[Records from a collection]

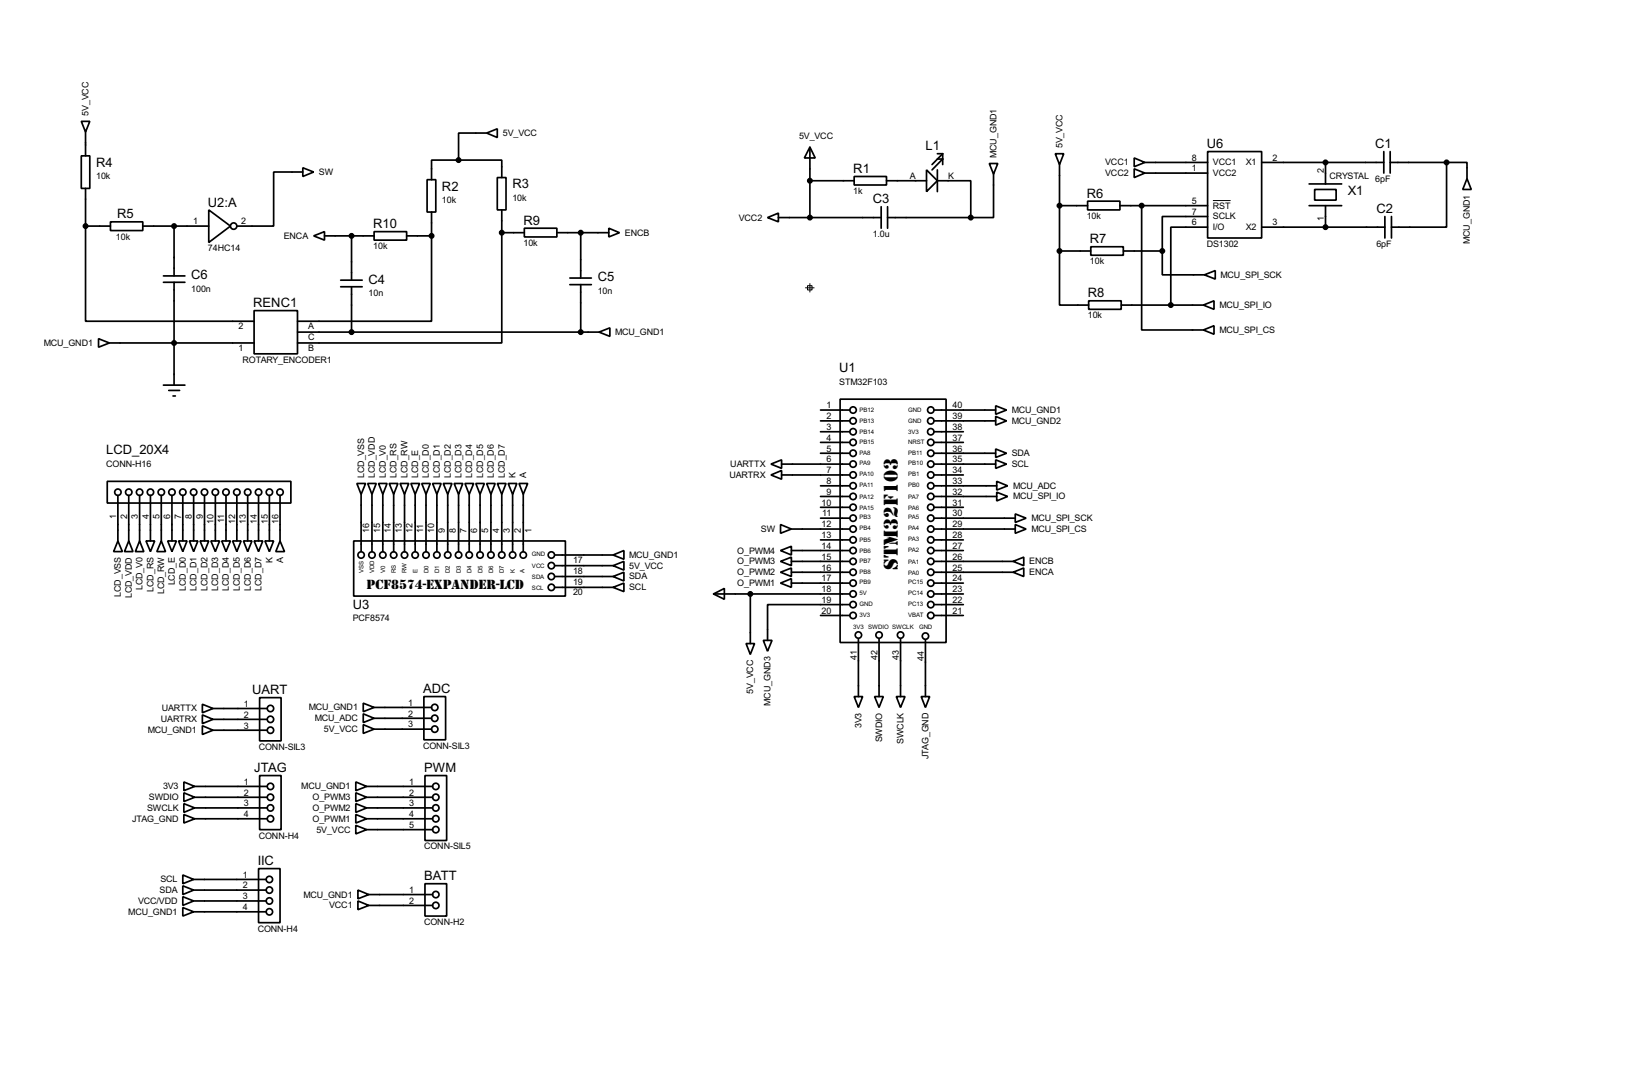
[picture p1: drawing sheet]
<svg xmlns="http://www.w3.org/2000/svg" width="383mm" height="256mm" viewBox="0 0 383 256" stroke-linecap="round" stroke-linejoin="round" font-family="sans-serif">
<g fill="none" stroke="#000" stroke-width=".4">
<path d="M19.1 36.6h2v7.7h-2zM19.1 28.5h2l-1 2.5zM20.1 31v5.6M71.2 39.4l2.5 1-2.5 1.1zM107.8 37.6h-6.4v4.6M107.8 37.6h10.1v4.1M114.4 31.3l2.5-1v2zM114.4 31.3h-6.6v6.3M190.3 34.6l1.3 2.5h-2.6zM190.3 34.6v16.5M217.7 39.9l2.6 2.6-2.6 2.5zM220.3 39.9v5.1"/>
<path d="M220.3 37.4h1.2l-2.5 2.5M220.3 36.1h1.2M221.5 36.1l-2.5 2.6M221.5 36.1v2.6M232.5 38.4h2l-1 2.5zM248 36.1h2l-1 2.6zM249 38.7v20.3M266.5 39.7l2.5 1-2.5 1zM266.5 37.1l2.5 1.1-2.5 1zM269 38.2h14.8M283.8 35.6h12.7v20.3h-12.7zM296.5 38.2h28.7"/>
<path d="M311.5 38.2v5M325.2 35.6v5.1M326.7 38.2h13.2M326.7 35.6v5.1M339.9 38.2v15.2h-12.9M339.9 38.2h4.8v3.8M20.1 53.1v22.4h39.6M20.1 44.3v8.8M20.1 53.1h5.9M26 52.1h7.6v2.1h-7.6zM33.6 53.1h15.5M40.9 53.1v11.7"/>
<path d="M49.1 49.3l5.1 3.8-5.1 3.9zM71.2 40.4h-6.9v12.7h-8.6M73.7 55.4l2.6-1v2zM76.3 55.4h11.6M82.6 55.4v10.4M87.9 54.4h7.7v2h-7.7zM95.6 55.4h5.8M100.4 42.2h2v7.6h-2zM101.4 55.4v20.1h-31.5M101.4 49.8v5.6M116.9 41.7h2v7.6h-2zM117.9 54.7v25.9h-48"/>
<path d="M117.9 49.3v5.4M117.9 54.7h5.3M123.2 53.6h7.7v2.1h-7.7zM130.9 54.7h12.2M136.5 54.7v10.6M143.1 53.6l2.5 1.1-2.5 1zM180.4 51.1l2.5-1v2zM182.9 51.1h24.2M190.3 42.5h10.4M200.7 41.5h7.6v2h-7.6zM207.1 48.6v5M208.3 42.5h9.4"/>
<path d="M208.6 51.1h19.5M208.6 48.6v5M220.3 42.5h7.8v8.6M233.5 40.9v10.2h-5.4M249 59v12.7h6.8M249 59h7.3M249 48.3h6.6M255.6 47.3h7.6v2h-7.6zM256.3 58h7.7v2h-7.7zM263.2 48.3h20.6M264 59h9.1M268.3 48.3v29.2h14.5"/>
<path d="M269 40.7h14.8M273.1 59v5.6h9.9M283.8 50.9h-10.7v8.1M283.8 53.4h-8.7v18.3M296.5 53.4h28.9M307.6 48.3h7.7M307.6 43.2h7.7M308.9 44.5h5.1v2.5h-5.1zM311.5 48.3v5.1M325.4 50.9v5M327 50.9v5M344.7 42l1 2.5h-2z"/>
<path d="M23.2 79.6l2.5 1-2.5 1zM38.4 64.8h5.1M38.4 66.3h5.1M40.9 66.3v24.2M59.7 73h10.2v10.1h-10.2zM69.9 78h70.9M80.1 65.8h5M80.1 67.4h5M82.6 67.4v10.6M133.9 65.3h5.1M133.9 66.9h5.1M136.5 66.9v11.1"/>
<path d="M140.8 78l2.5-1v2zM255.8 70.7h7.7v2h-7.7zM263.5 71.7h19.3M282.8 71.7l2.5-1v2zM282.8 77.5l2.5-1v2zM283 64.6l2.6-1v2zM25.7 80.6h34M38.4 90.5h5.1M39.7 91.7h2.5M40.7 93h.5M192.8 98.9h6.9M192.8 96.3h6.9"/>
<path d="M197.4 93.8h24.9v57.1h-24.9zM219.5 98.9h14.5M219.5 96.3h14.5M234 97.8l2.5 1.1-2.5 1zM234 95.3l2.5 1-2.5 1zM25.2 113.1h43.2v5.1h-43.2zM27.7 116.4v10.7M30.3 116.4v10.7M32.8 116.4v10.7M35.4 116.4v10.7M37.9 116.4v10.7M40.4 116.4v10.7"/>
<path d="M43 116.4v10.7M45.5 116.4v10.7M48.1 116.4v10.7M50.6 116.4v10.7M53.1 116.4v10.7M55.7 116.4v10.7M58.2 116.4v10.7M60.8 116.4v10.7M63.3 116.4v10.7M65.8 116.4v10.7M83.9 113.6h2l-1 2.5zM84.9 116.1v13.5"/>
<path d="M86.4 113.6h2l-1 2.5zM87.4 116.1v13.5M89 113.6h2l-1 2.5zM90 116.1v13.5M91.5 113.6h2l-1 2.5zM92.5 116.1v13.5M94 113.6h2.1l-1 2.5zM95.1 116.1v13.5M96.6 113.6h2l-1 2.5zM97.6 116.1v13.5M99.1 113.6h2l-1 2.5zM100.1 116.1v13.5"/>
<path d="M101.7 113.6h2l-1 2.5zM102.7 116.1v13.5M104.2 113.6h2l-1 2.5zM105.2 116.1v13.5M106.7 113.6h2.1l-1 2.5zM107.8 116.1v13.5M109.3 113.6h2l-1 2.5zM110.3 116.1v13.5M111.8 113.6h2l-1 2.5zM112.8 116.1v13.5M114.4 113.6h2l-1 2.5zM115.4 116.1v13.5"/>
<path d="M116.9 113.6h2l-1 2.5zM117.9 116.1v13.5M119.4 113.6h2.1l-1 2.5zM120.5 116.1v13.5M122 113.6h2l-1 2.5zM123 116.1v13.5M181.2 109l2.5-1v2zM181.2 111.6l2.5-1.1v2.1zM183.7 109h16M183.7 111.6h16M192.8 114.1h6.9M192.8 116.6h6.9"/>
<path d="M192.8 106.5h6.9M192.8 101.4h6.9M192.8 103.9h6.9M192.8 119.2h6.9M219.5 109h14.5M219.5 111.6h6.9M219.5 114.1h14.7M219.5 116.6h14.7M219.5 106.5h14.5M219.5 101.4h6.9M219.5 103.9h6.9M219.5 119.2h6.9"/>
<path d="M234 108l2.5 1-2.5 1zM234 105.5l2.5 1-2.5 1zM234.2 113.1l2.6 1-2.6 1zM234.2 115.6l2.6 1-2.6 1.1zM27.7 127.1l1.1 2.5h-2.1zM30.3 127.1l1 2.5h-2zM32.8 127.1l1 2.5h-2zM34.3 127.1h2.1l-1 2.5zM37.9 127.1l1 2.5h-2zM39.4 127.1h2.1l-1.1 2.5zM42 127.1h2l-1 2.5zM44.5 127.1h2l-1 2.5z"/>
<path d="M47 127.1h2.1l-1 2.5zM49.6 127.1h2l-1 2.5zM52.1 127.1h2.1l-1.1 2.5zM54.7 127.1h2l-1 2.5zM57.2 127.1h2l-1 2.5zM59.7 127.1h2.1l-1 2.5zM62.3 127.1h2l-1 2.5zM65.8 127.1l1.1 2.5h-2.1zM83.1 127.1h49.8v12.9h-49.8zM130.4 138h13.7M130.4 135.4h13.7M130.4 132.9h13.7"/>
<path d="M130.4 130.4h13.7M144.1 130.4l2.5-1.1v2.1zM144.1 132.9l2.5-1v2zM144.1 135.4l2.5-1v2.1zM144.1 138l2.5-1v2zM167.7 139.5l2.5-1.3v2.6zM167.7 139.5h32M176.3 139.5v11.7M183.4 123.2l2.6 1.1-2.6 1zM183.4 129.3l2.6-1v2.1zM183.4 131.9l2.6-1v2zM183.4 134.4l2.6-1v2z"/>
<path d="M183.4 137l2.6-1.1v2.1zM186 134.4h13.7M186 131.9h13.7M186 124.3h13.7M186 129.3h13.7M186 137h13.7M192.8 121.7h6.9M192.8 126.8h6.9M219.5 134.4h18.6M219.5 131.9h18.6M219.5 124.3h19.1M219.5 129.3h6.9"/>
<path d="M219.5 139.5h6.9M219.5 121.7h19.1M219.5 137h6.9M219.5 126.8h6.9M238.1 134.4l2.5-1v2zM238.1 131.9l2.5-1v2zM238.6 123.2l2.5 1.1-2.5 1zM238.6 120.7l2.5 1-2.5 1zM175.3 151.2h2l-1 2.5zM179.4 150.4h2l-1 2.6zM192.8 144.6h6.9M199.7 142h-19.3v8.4"/>
<path d="M201.7 150.2v13.4M206.6 150.2v13.4M211.6 150.2v13.4M217.5 150.4v13.2M219.5 142h6.9M219.5 144.6h6.9M47.6 170.5l2.5 1-2.5 1zM47.6 167.9l2.5 1.1-2.5 1zM47.6 165.4l2.5 1-2.5 1zM50.1 171.5h12.7M50.1 169h12.7M50.1 166.4h12.7"/>
<path d="M61 163.9h5.1v10.1h-5.1zM85.4 165.2l2.5 1-2.5 1zM85.4 167.7l2.5 1-2.5 1zM85.4 170.2l2.5 1.1-2.5 1zM87.9 166.2h13.5M87.9 168.7h13.5M87.9 171.3h13.5M99.6 163.6h5.1v10.2h-5.1zM200.7 163.6h2l-1 2.6zM205.5 163.6h2.1l-1 2.6zM210.6 163.6h2.1l-1.1 2.6zM216.5 163.6h2l-1 2.6z"/>
<path d="M43.2 183.7l2.6 1-2.6 1zM43.2 186.2l2.6 1.1-2.6 1zM43.2 188.8l2.6 1-2.6 1zM43.2 191.3l2.6 1-2.6 1zM45.8 184.7h17M45.8 187.3h17M45.8 189.8h17M45.8 192.3h17M61 182.2h5.1v12.7h-5.1zM83.6 183.7l2.6 1-2.6 1zM83.6 186.2l2.6 1.1-2.6 1zM83.6 188.8l2.6 1-2.6 1z"/>
<path d="M83.6 191.3l2.6 1-2.6 1zM83.6 193.9l2.6 1-2.6 1zM86.2 184.7h15.5M86.2 187.3h15.5M86.2 189.8h15.5M86.2 192.3h15.5M86.2 194.9h15.5M99.9 182.2h5.1v15.2h-5.1zM43 205.5l2.5 1.1-2.5 1zM43 208.1l2.5 1-2.5 1zM43 210.6l2.5 1-2.5 1.1zM43 213.2l2.5 1-2.5 1z"/>
<path d="M45.5 206.6h17M45.5 209.1h17M45.5 211.6h17M45.5 214.2h17M60.8 204h5v12.7h-5zM84.1 209.1l2.6 1-2.6 1zM84.1 211.6l2.6 1.1-2.6 1zM86.7 210.1h15M86.7 212.7h15M99.9 207.6h5.1v7.6h-5.1z"/>
<circle cx="54.9" cy="53.1" r=".75"/>
<circle cx="200.4" cy="96.3" r=".75"/>
<circle cx="200.4" cy="98.9" r=".75"/>
<circle cx="218.7" cy="96.3" r=".75"/>
<circle cx="218.7" cy="98.9" r=".75"/>
<circle cx="27.7" cy="115.6" r=".75"/>
<circle cx="30.2" cy="115.6" r=".75"/>
<circle cx="32.8" cy="115.6" r=".75"/>
<circle cx="35.3" cy="115.6" r=".75"/>
<circle cx="37.9" cy="115.6" r=".75"/>
<circle cx="40.4" cy="115.6" r=".75"/>
<circle cx="42.9" cy="115.6" r=".75"/>
<circle cx="45.5" cy="115.6" r=".75"/>
<circle cx="48" cy="115.6" r=".75"/>
<circle cx="50.6" cy="115.6" r=".75"/>
<circle cx="53.1" cy="115.6" r=".75"/>
<circle cx="55.6" cy="115.6" r=".75"/>
<circle cx="58.2" cy="115.6" r=".75"/>
<circle cx="60.7" cy="115.6" r=".75"/>
<circle cx="63.3" cy="115.6" r=".75"/>
<circle cx="65.8" cy="115.6" r=".75"/>
<circle cx="200.4" cy="101.4" r=".75"/>
<circle cx="200.4" cy="114.1" r=".75"/>
<circle cx="200.4" cy="106.5" r=".75"/>
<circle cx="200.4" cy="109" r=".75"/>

The problem: Beginning at the line above that contains "116.4v10.7M45.5 116.4v10.7M48.1 116.4v10.7M50.6", return each line exactly through the line that contains "108l2.5 1-2.5 1zM234", and no others.

Written reply:
<path d="M43 116.4v10.7M45.5 116.4v10.7M48.1 116.4v10.7M50.6 116.4v10.7M53.1 116.4v10.7M55.7 116.4v10.7M58.2 116.4v10.7M60.8 116.4v10.7M63.3 116.4v10.7M65.8 116.4v10.7M83.9 113.6h2l-1 2.5zM84.9 116.1v13.5"/>
<path d="M86.4 113.6h2l-1 2.5zM87.4 116.1v13.5M89 113.6h2l-1 2.5zM90 116.1v13.5M91.5 113.6h2l-1 2.5zM92.5 116.1v13.5M94 113.6h2.1l-1 2.5zM95.1 116.1v13.5M96.6 113.6h2l-1 2.5zM97.6 116.1v13.5M99.1 113.6h2l-1 2.5zM100.1 116.1v13.5"/>
<path d="M101.7 113.6h2l-1 2.5zM102.7 116.1v13.5M104.2 113.6h2l-1 2.5zM105.2 116.1v13.5M106.7 113.6h2.1l-1 2.5zM107.8 116.1v13.5M109.3 113.6h2l-1 2.5zM110.3 116.1v13.5M111.8 113.6h2l-1 2.5zM112.8 116.1v13.5M114.4 113.6h2l-1 2.5zM115.4 116.1v13.5"/>
<path d="M116.9 113.6h2l-1 2.5zM117.9 116.1v13.5M119.4 113.6h2.1l-1 2.5zM120.5 116.1v13.5M122 113.6h2l-1 2.5zM123 116.1v13.5M181.2 109l2.5-1v2zM181.2 111.6l2.5-1.1v2.1zM183.7 109h16M183.7 111.6h16M192.8 114.1h6.9M192.8 116.6h6.9"/>
<path d="M192.8 106.5h6.9M192.8 101.4h6.9M192.8 103.9h6.9M192.8 119.2h6.9M219.5 109h14.5M219.5 111.6h6.9M219.5 114.1h14.7M219.5 116.6h14.7M219.5 106.5h14.5M219.5 101.4h6.9M219.5 103.9h6.9M219.5 119.2h6.9"/>
<path d="M234 108l2.5 1-2.5 1zM234 105.5l2.5 1-2.5 1zM234.2 113.1l2.6 1-2.6 1zM234.2 115.6l2.6 1-2.6 1.1zM27.7 127.1l1.1 2.5h-2.1zM30.3 127.1l1 2.5h-2zM32.8 127.1l1 2.5h-2zM34.3 127.1h2.1l-1 2.5zM37.9 127.1l1 2.5h-2zM39.4 127.1h2.1l-1.1 2.5zM42 127.1h2l-1 2.5zM44.5 127.1h2l-1 2.5z"/>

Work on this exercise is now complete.